Problem details >> From the data underneath, reproduce exactly the stretch that begins at the line with "#172=CARTESIAN_POINT('',(-32.,0.,0.));" and ends after the line with "#191=EDGE_CURVE('E172',#190,#190,#188,.T.);".

[Start of Attachment]

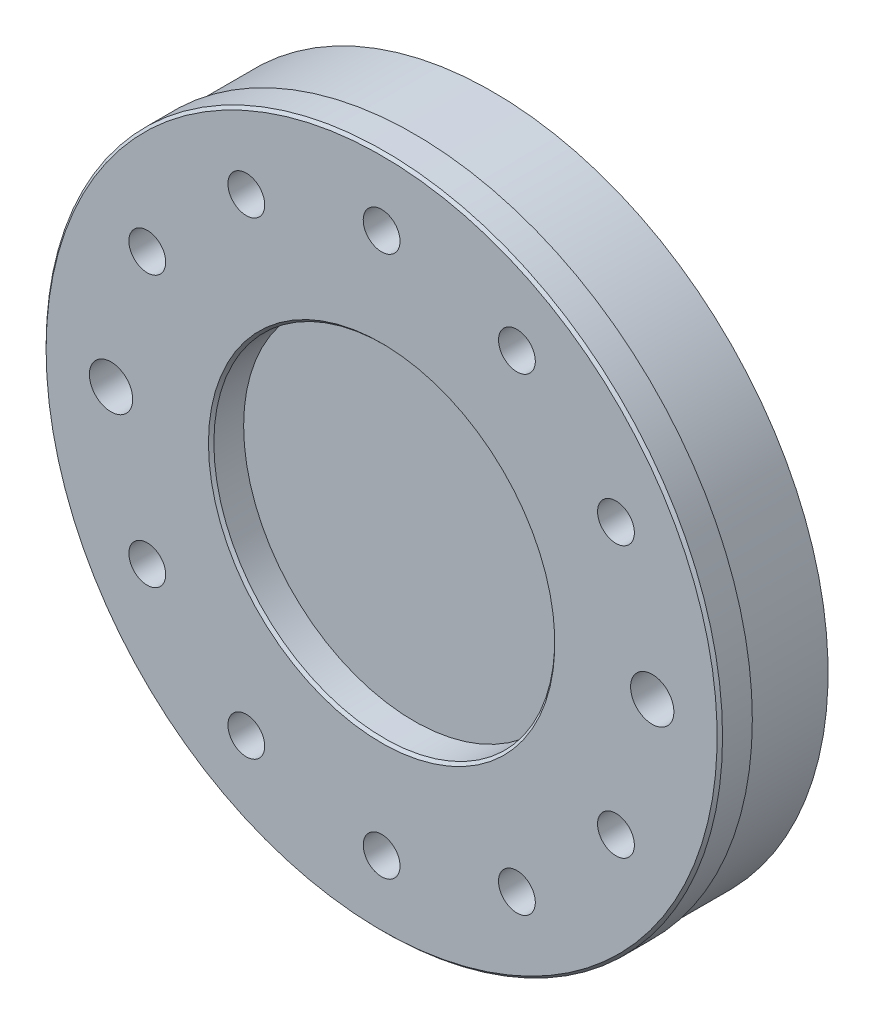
ISO-10303-21;
HEADER;
FILE_DESCRIPTION(('STEP AP214'),'2;1');
FILE_NAME('part.step','',(''),(''),'','','');
FILE_SCHEMA(('AUTOMOTIVE_DESIGN { 1 0 10303 214 1 1 1 1 }'));
ENDSEC;
DATA;
#1=APPLICATION_CONTEXT('core data for automotive mechanical design processes');
#2=APPLICATION_PROTOCOL_DEFINITION('international standard','automotive_design',2000,#1);
#3=PRODUCT_CONTEXT('',#1,'mechanical');
#4=PRODUCT('Part','Part','',(#3));
#5=PRODUCT_RELATED_PRODUCT_CATEGORY('part','',(#4));
#6=PRODUCT_DEFINITION_FORMATION('','',#4);
#7=PRODUCT_DEFINITION_CONTEXT('part definition',#1,'design');
#8=PRODUCT_DEFINITION('design','',#6,#7);
#9=PRODUCT_DEFINITION_SHAPE('','',#8);
#10=(LENGTH_UNIT() NAMED_UNIT(*) SI_UNIT(.MILLI.,.METRE.));
#11=(NAMED_UNIT(*) PLANE_ANGLE_UNIT() SI_UNIT($,.RADIAN.));
#12=(NAMED_UNIT(*) SI_UNIT($,.STERADIAN.) SOLID_ANGLE_UNIT());
#13=UNCERTAINTY_MEASURE_WITH_UNIT(LENGTH_MEASURE(1.E-05),#10,'distance_accuracy_value','');
#14=(GEOMETRIC_REPRESENTATION_CONTEXT(3) GLOBAL_UNCERTAINTY_ASSIGNED_CONTEXT((#13)) GLOBAL_UNIT_ASSIGNED_CONTEXT((#10,
#11,#12)) REPRESENTATION_CONTEXT('',''));
#15=CARTESIAN_POINT('',(0.,0.,0.));
#16=DIRECTION('',(0.,0.,1.));
#17=DIRECTION('',(1.,0.,0.));
#18=AXIS2_PLACEMENT_3D('',#15,#16,#17);
#19=CARTESIAN_POINT('',(0.,0.,0.));
#20=DIRECTION('',(0.,0.,-1.));
#21=DIRECTION('',(-1.,0.,0.));
#22=AXIS2_PLACEMENT_3D('',#19,#20,#21);
#23=PLANE('',#22);
#24=CARTESIAN_POINT('',(-24.9999999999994,-43.3012701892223,0.));
#25=DIRECTION('',(0.,0.,1.));
#26=DIRECTION('',(0.,-1.,0.));
#27=AXIS2_PLACEMENT_3D('',#24,#25,#26);
#28=CIRCLE('',#27,3.4);
#29=CARTESIAN_POINT('',(-24.9999999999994,-46.7012701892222,0.));
#30=VERTEX_POINT('',#29);
#31=EDGE_CURVE('E92',#30,#30,#28,.T.);
#32=ORIENTED_EDGE('',*,*,#31,.F.);
#33=EDGE_LOOP('',(#32));
#34=FACE_BOUND('',#33,.T.);
#35=CARTESIAN_POINT('',(-43.3012701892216,-25.0000000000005,0.));
#36=DIRECTION('',(0.,0.,1.));
#37=DIRECTION('',(0.,-1.,0.));
#38=AXIS2_PLACEMENT_3D('',#35,#36,#37);
#39=CIRCLE('',#38,3.4);
#40=CARTESIAN_POINT('',(-43.3012701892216,-28.4000000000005,0.));
#41=VERTEX_POINT('',#40);
#42=EDGE_CURVE('E100',#41,#41,#39,.T.);
#43=ORIENTED_EDGE('',*,*,#42,.F.);
#44=EDGE_LOOP('',(#43));
#45=FACE_BOUND('',#44,.T.);
#46=CARTESIAN_POINT('',(-43.3012701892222,24.9999999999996,0.));
#47=DIRECTION('',(0.,0.,1.));
#48=DIRECTION('',(0.,-1.,0.));
#49=AXIS2_PLACEMENT_3D('',#46,#47,#48);
#50=CIRCLE('',#49,3.4);
#51=CARTESIAN_POINT('',(-43.3012701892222,21.5999999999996,0.));
#52=VERTEX_POINT('',#51);
#53=EDGE_CURVE('E106',#52,#52,#50,.T.);
#54=ORIENTED_EDGE('',*,*,#53,.F.);
#55=EDGE_LOOP('',(#54));
#56=FACE_BOUND('',#55,.T.);
#57=CARTESIAN_POINT('',(-25.0000000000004,43.3012701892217,0.));
#58=DIRECTION('',(0.,0.,1.));
#59=DIRECTION('',(0.,-1.,0.));
#60=AXIS2_PLACEMENT_3D('',#57,#58,#59);
#61=CIRCLE('',#60,3.4);
#62=CARTESIAN_POINT('',(-25.0000000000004,39.9012701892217,0.));
#63=VERTEX_POINT('',#62);
#64=EDGE_CURVE('E112',#63,#63,#61,.T.);
#65=ORIENTED_EDGE('',*,*,#64,.F.);
#66=EDGE_LOOP('',(#65));
#67=FACE_BOUND('',#66,.T.);
#68=CARTESIAN_POINT('',(-3.49148336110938E-13,50.,0.));
#69=DIRECTION('',(0.,0.,1.));
#70=DIRECTION('',(0.,-1.,0.));
#71=AXIS2_PLACEMENT_3D('',#68,#69,#70);
#72=CIRCLE('',#71,3.4);
#73=CARTESIAN_POINT('',(-3.49148336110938E-13,46.6,0.));
#74=VERTEX_POINT('',#73);
#75=EDGE_CURVE('E118',#74,#74,#72,.T.);
#76=ORIENTED_EDGE('',*,*,#75,.F.);
#77=EDGE_LOOP('',(#76));
#78=FACE_BOUND('',#77,.T.);
#79=CARTESIAN_POINT('',(24.9999999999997,43.3012701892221,0.));
#80=DIRECTION('',(0.,0.,1.));
#81=DIRECTION('',(0.,-1.,0.));
#82=AXIS2_PLACEMENT_3D('',#79,#80,#81);
#83=CIRCLE('',#82,3.4);
#84=CARTESIAN_POINT('',(24.9999999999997,39.9012701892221,0.));
#85=VERTEX_POINT('',#84);
#86=EDGE_CURVE('E124',#85,#85,#83,.T.);
#87=ORIENTED_EDGE('',*,*,#86,.F.);
#88=EDGE_LOOP('',(#87));
#89=FACE_BOUND('',#88,.T.);
#90=CARTESIAN_POINT('',(43.3012701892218,25.0000000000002,0.));
#91=DIRECTION('',(0.,0.,1.));
#92=DIRECTION('',(0.,-1.,0.));
#93=AXIS2_PLACEMENT_3D('',#90,#91,#92);
#94=CIRCLE('',#93,3.39999999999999);
#95=CARTESIAN_POINT('',(43.3012701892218,21.6000000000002,0.));
#96=VERTEX_POINT('',#95);
#97=EDGE_CURVE('E130',#96,#96,#94,.T.);
#98=ORIENTED_EDGE('',*,*,#97,.F.);
#99=EDGE_LOOP('',(#98));
#100=FACE_BOUND('',#99,.T.);
#101=CARTESIAN_POINT('',(43.301270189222,-24.9999999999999,0.));
#102=DIRECTION('',(0.,0.,1.));
#103=DIRECTION('',(0.,-1.,0.));
#104=AXIS2_PLACEMENT_3D('',#101,#102,#103);
#105=CIRCLE('',#104,3.39999999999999);
#106=CARTESIAN_POINT('',(43.301270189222,-28.3999999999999,0.));
#107=VERTEX_POINT('',#106);
#108=EDGE_CURVE('E136',#107,#107,#105,.T.);
#109=ORIENTED_EDGE('',*,*,#108,.F.);
#110=EDGE_LOOP('',(#109));
#111=FACE_BOUND('',#110,.T.);
#112=CARTESIAN_POINT('',(25.,-43.3012701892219,0.));
#113=DIRECTION('',(0.,0.,1.));
#114=DIRECTION('',(0.,-1.,0.));
#115=AXIS2_PLACEMENT_3D('',#112,#113,#114);
#116=CIRCLE('',#115,3.4);
#117=CARTESIAN_POINT('',(25.,-46.7012701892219,0.));
#118=VERTEX_POINT('',#117);
#119=EDGE_CURVE('E142',#118,#118,#116,.T.);
#120=ORIENTED_EDGE('',*,*,#119,.F.);
#121=EDGE_LOOP('',(#120));
#122=FACE_BOUND('',#121,.T.);
#123=CARTESIAN_POINT('',(0.,-50.,0.));
#124=DIRECTION('',(0.,0.,1.));
#125=DIRECTION('',(1.,0.,0.));
#126=AXIS2_PLACEMENT_3D('',#123,#124,#125);
#127=CIRCLE('',#126,3.4);
#128=CARTESIAN_POINT('',(3.4,-50.,0.));
#129=VERTEX_POINT('',#128);
#130=EDGE_CURVE('E148',#129,#129,#127,.T.);
#131=ORIENTED_EDGE('',*,*,#130,.F.);
#132=EDGE_LOOP('',(#131));
#133=FACE_BOUND('',#132,.T.);
#134=CARTESIAN_POINT('',(50.,0.,0.));
#135=DIRECTION('',(0.,0.,1.));
#136=DIRECTION('',(1.,0.,0.));
#137=AXIS2_PLACEMENT_3D('',#134,#135,#136);
#138=CIRCLE('',#137,4.);
#139=CARTESIAN_POINT('',(54.,0.,0.));
#140=VERTEX_POINT('',#139);
#141=EDGE_CURVE('E154',#140,#140,#138,.T.);
#142=ORIENTED_EDGE('',*,*,#141,.F.);
#143=EDGE_LOOP('',(#142));
#144=FACE_BOUND('',#143,.T.);
#145=CARTESIAN_POINT('',(-50.,0.,0.));
#146=DIRECTION('',(0.,0.,1.));
#147=DIRECTION('',(1.,0.,0.));
#148=AXIS2_PLACEMENT_3D('',#145,#146,#147);
#149=CIRCLE('',#148,4.);
#150=CARTESIAN_POINT('',(-46.,0.,0.));
#151=VERTEX_POINT('',#150);
#152=EDGE_CURVE('E160',#151,#151,#149,.T.);
#153=ORIENTED_EDGE('',*,*,#152,.F.);
#154=EDGE_LOOP('',(#153));
#155=FACE_BOUND('',#154,.T.);
#156=CARTESIAN_POINT('',(0.,0.,0.));
#157=DIRECTION('',(0.,0.,-1.));
#158=DIRECTION('',(-1.,0.,0.));
#159=AXIS2_PLACEMENT_3D('',#156,#157,#158);
#160=CIRCLE('',#159,62.);
#161=CARTESIAN_POINT('',(-62.,0.,0.));
#162=VERTEX_POINT('',#161);
#163=EDGE_CURVE('E46',#162,#162,#160,.F.);
#164=ORIENTED_EDGE('',*,*,#163,.T.);
#165=EDGE_LOOP('',(#164));
#166=FACE_BOUND('',#165,.T.);
#167=CARTESIAN_POINT('',(0.,0.,0.));
#168=DIRECTION('',(0.,0.,-1.));
#169=DIRECTION('',(-1.,0.,0.));
#170=AXIS2_PLACEMENT_3D('',#167,#168,#169);
#171=CIRCLE('',#170,32.);
#172=CARTESIAN_POINT('',(-32.,0.,0.));
#173=VERTEX_POINT('',#172);
#174=EDGE_CURVE('E178',#173,#173,#171,.T.);
#175=ORIENTED_EDGE('',*,*,#174,.T.);
#176=EDGE_LOOP('',(#175));
#177=FACE_BOUND('',#176,.T.);
#178=ADVANCED_FACE('F38',(#34,#45,#56,#67,#78,#89,#100,#111,#122,#133,#144,#155,#166,#177),#23,.F.);
#179=CARTESIAN_POINT('',(0.,0.,-20.5));
#180=DIRECTION('',(0.,0.,1.));
#181=DIRECTION('',(1.,0.,0.));
#182=AXIS2_PLACEMENT_3D('',#179,#180,#181);
#183=PLANE('',#182);
#184=CARTESIAN_POINT('',(0.,0.,-20.5));
#185=DIRECTION('',(0.,0.,-1.));
#186=DIRECTION('',(-1.,0.,0.));
#187=AXIS2_PLACEMENT_3D('',#184,#185,#186);
#188=CIRCLE('',#187,62.);
#189=CARTESIAN_POINT('',(-62.,0.,-20.5));
#190=VERTEX_POINT('',#189);
#191=EDGE_CURVE('E172',#190,#190,#188,.T.);
#192=ORIENTED_EDGE('',*,*,#191,.T.);
#193=EDGE_LOOP('',(#192));
#194=FACE_BOUND('',#193,.T.);
#195=ADVANCED_FACE('F40',(#194),#183,.F.);
#196=CARTESIAN_POINT('',(0.,0.,-20.5));
#197=DIRECTION('',(0.,0.,-1.));
#198=DIRECTION('',(-1.,0.,0.));
#199=AXIS2_PLACEMENT_3D('',#196,#197,#198);
#200=CYLINDRICAL_SURFACE('',#199,62.);
#201=ORIENTED_EDGE('',*,*,#191,.F.);
#202=EDGE_LOOP('',(#201));
#203=FACE_BOUND('',#202,.T.);
#204=CARTESIAN_POINT('',(0.,0.,-6.));
#205=DIRECTION('',(0.,0.,-1.));
#206=DIRECTION('',(-1.,0.,0.));
#207=AXIS2_PLACEMENT_3D('',#204,#205,#206);
#208=CIRCLE('',#207,62.);
#209=CARTESIAN_POINT('',(-62.,0.,-6.));
#210=VERTEX_POINT('',#209);
#211=EDGE_CURVE('E169',#210,#210,#208,.T.);
#212=ORIENTED_EDGE('',*,*,#211,.T.);
#213=EDGE_LOOP('',(#212));
#214=FACE_BOUND('',#213,.T.);
#215=ADVANCED_FACE('F202',(#203,#214),#200,.T.);
#216=CARTESIAN_POINT('',(62.,0.,-6.));
#217=DIRECTION('',(0.,0.,1.));
#218=DIRECTION('',(1.,0.,0.));
#219=AXIS2_PLACEMENT_3D('',#216,#217,#218);
#220=PLANE('',#219);
#221=ORIENTED_EDGE('',*,*,#211,.F.);
#222=EDGE_LOOP('',(#221));
#223=FACE_BOUND('',#222,.T.);
#224=CARTESIAN_POINT('',(0.,0.,-6.));
#225=DIRECTION('',(0.,0.,-1.));
#226=DIRECTION('',(-1.,0.,0.));
#227=AXIS2_PLACEMENT_3D('',#224,#225,#226);
#228=CIRCLE('',#227,62.5);
#229=CARTESIAN_POINT('',(-62.5,0.,-6.));
#230=VERTEX_POINT('',#229);
#231=EDGE_CURVE('E166',#230,#230,#228,.T.);
#232=ORIENTED_EDGE('',*,*,#231,.T.);
#233=EDGE_LOOP('',(#232));
#234=FACE_BOUND('',#233,.T.);
#235=ADVANCED_FACE('F197',(#223,#234),#220,.F.);
#236=CARTESIAN_POINT('',(0.,0.,-20.5));
#237=DIRECTION('',(0.,0.,-1.));
#238=DIRECTION('',(-1.,0.,0.));
#239=AXIS2_PLACEMENT_3D('',#236,#237,#238);
#240=CYLINDRICAL_SURFACE('',#239,62.5);
#241=CARTESIAN_POINT('',(0.,0.,-0.499999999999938));
#242=DIRECTION('',(0.,0.,-1.));
#243=DIRECTION('',(-1.,0.,0.));
#244=AXIS2_PLACEMENT_3D('',#241,#242,#243);
#245=CIRCLE('',#244,62.5);
#246=CARTESIAN_POINT('',(-62.5,0.,-0.499999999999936));
#247=VERTEX_POINT('',#246);
#248=EDGE_CURVE('E175',#247,#247,#245,.T.);
#249=ORIENTED_EDGE('',*,*,#248,.T.);
#250=EDGE_LOOP('',(#249));
#251=FACE_BOUND('',#250,.T.);
#252=ORIENTED_EDGE('',*,*,#231,.F.);
#253=EDGE_LOOP('',(#252));
#254=FACE_BOUND('',#253,.T.);
#255=ADVANCED_FACE('F193',(#251,#254),#240,.T.);
#256=CARTESIAN_POINT('',(0.,0.,-6.));
#257=DIRECTION('',(0.,0.,1.));
#258=DIRECTION('',(1.,0.,0.));
#259=AXIS2_PLACEMENT_3D('',#256,#257,#258);
#260=CYLINDRICAL_SURFACE('',#259,31.5);
#261=CARTESIAN_POINT('',(0.,0.,-0.499999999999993));
#262=DIRECTION('',(0.,0.,-1.));
#263=DIRECTION('',(-1.,0.,0.));
#264=AXIS2_PLACEMENT_3D('',#261,#262,#263);
#265=CIRCLE('',#264,31.5);
#266=CARTESIAN_POINT('',(-31.5,0.,-0.499999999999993));
#267=VERTEX_POINT('',#266);
#268=EDGE_CURVE('E11',#267,#267,#265,.F.);
#269=ORIENTED_EDGE('',*,*,#268,.T.);
#270=EDGE_LOOP('',(#269));
#271=FACE_BOUND('',#270,.T.);
#272=CARTESIAN_POINT('',(0.,0.,-6.));
#273=DIRECTION('',(0.,0.,-1.));
#274=DIRECTION('',(-1.,0.,0.));
#275=AXIS2_PLACEMENT_3D('',#272,#273,#274);
#276=CIRCLE('',#275,31.5);
#277=CARTESIAN_POINT('',(-31.5,0.,-6.));
#278=VERTEX_POINT('',#277);
#279=EDGE_CURVE('E163',#278,#278,#276,.T.);
#280=ORIENTED_EDGE('',*,*,#279,.T.);
#281=EDGE_LOOP('',(#280));
#282=FACE_BOUND('',#281,.T.);
#283=ADVANCED_FACE('F196',(#271,#282),#260,.F.);
#284=CARTESIAN_POINT('',(0.,0.,-6.));
#285=DIRECTION('',(0.,0.,-1.));
#286=DIRECTION('',(-1.,0.,0.));
#287=AXIS2_PLACEMENT_3D('',#284,#285,#286);
#288=PLANE('',#287);
#289=ORIENTED_EDGE('',*,*,#279,.F.);
#290=EDGE_LOOP('',(#289));
#291=FACE_BOUND('',#290,.T.);
#292=ADVANCED_FACE('F189',(#291),#288,.F.);
#293=CARTESIAN_POINT('',(0.,0.,-0.499999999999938));
#294=DIRECTION('',(0.,0.,-1.));
#295=DIRECTION('',(-1.,0.,0.));
#296=AXIS2_PLACEMENT_3D('',#293,#294,#295);
#297=CONICAL_SURFACE('',#296,62.5,0.785398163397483);
#298=ORIENTED_EDGE('',*,*,#163,.F.);
#299=EDGE_LOOP('',(#298));
#300=FACE_BOUND('',#299,.T.);
#301=ORIENTED_EDGE('',*,*,#248,.F.);
#302=EDGE_LOOP('',(#301));
#303=FACE_BOUND('',#302,.T.);
#304=ADVANCED_FACE('F185',(#300,#303),#297,.T.);
#305=CARTESIAN_POINT('',(0.,0.,0.));
#306=DIRECTION('',(0.,0.,1.));
#307=DIRECTION('',(1.,0.,0.));
#308=AXIS2_PLACEMENT_3D('',#305,#306,#307);
#309=CONICAL_SURFACE('',#308,32.,0.785398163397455);
#310=ORIENTED_EDGE('',*,*,#268,.F.);
#311=EDGE_LOOP('',(#310));
#312=FACE_BOUND('',#311,.T.);
#313=ORIENTED_EDGE('',*,*,#174,.F.);
#314=EDGE_LOOP('',(#313));
#315=FACE_BOUND('',#314,.T.);
#316=ADVANCED_FACE('F188',(#312,#315),#309,.F.);
#317=CARTESIAN_POINT('',(-50.,0.,0.));
#318=DIRECTION('',(0.,0.,1.));
#319=DIRECTION('',(1.,0.,0.));
#320=AXIS2_PLACEMENT_3D('',#317,#318,#319);
#321=CYLINDRICAL_SURFACE('',#320,4.);
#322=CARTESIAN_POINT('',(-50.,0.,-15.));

[End of Attachment]

Completed task >>
#172=CARTESIAN_POINT('',(-32.,0.,0.));
#173=VERTEX_POINT('',#172);
#174=EDGE_CURVE('E178',#173,#173,#171,.T.);
#175=ORIENTED_EDGE('',*,*,#174,.T.);
#176=EDGE_LOOP('',(#175));
#177=FACE_BOUND('',#176,.T.);
#178=ADVANCED_FACE('F38',(#34,#45,#56,#67,#78,#89,#100,#111,#122,#133,#144,#155,#166,#177),#23,.F.);
#179=CARTESIAN_POINT('',(0.,0.,-20.5));
#180=DIRECTION('',(0.,0.,1.));
#181=DIRECTION('',(1.,0.,0.));
#182=AXIS2_PLACEMENT_3D('',#179,#180,#181);
#183=PLANE('',#182);
#184=CARTESIAN_POINT('',(0.,0.,-20.5));
#185=DIRECTION('',(0.,0.,-1.));
#186=DIRECTION('',(-1.,0.,0.));
#187=AXIS2_PLACEMENT_3D('',#184,#185,#186);
#188=CIRCLE('',#187,62.);
#189=CARTESIAN_POINT('',(-62.,0.,-20.5));
#190=VERTEX_POINT('',#189);
#191=EDGE_CURVE('E172',#190,#190,#188,.T.);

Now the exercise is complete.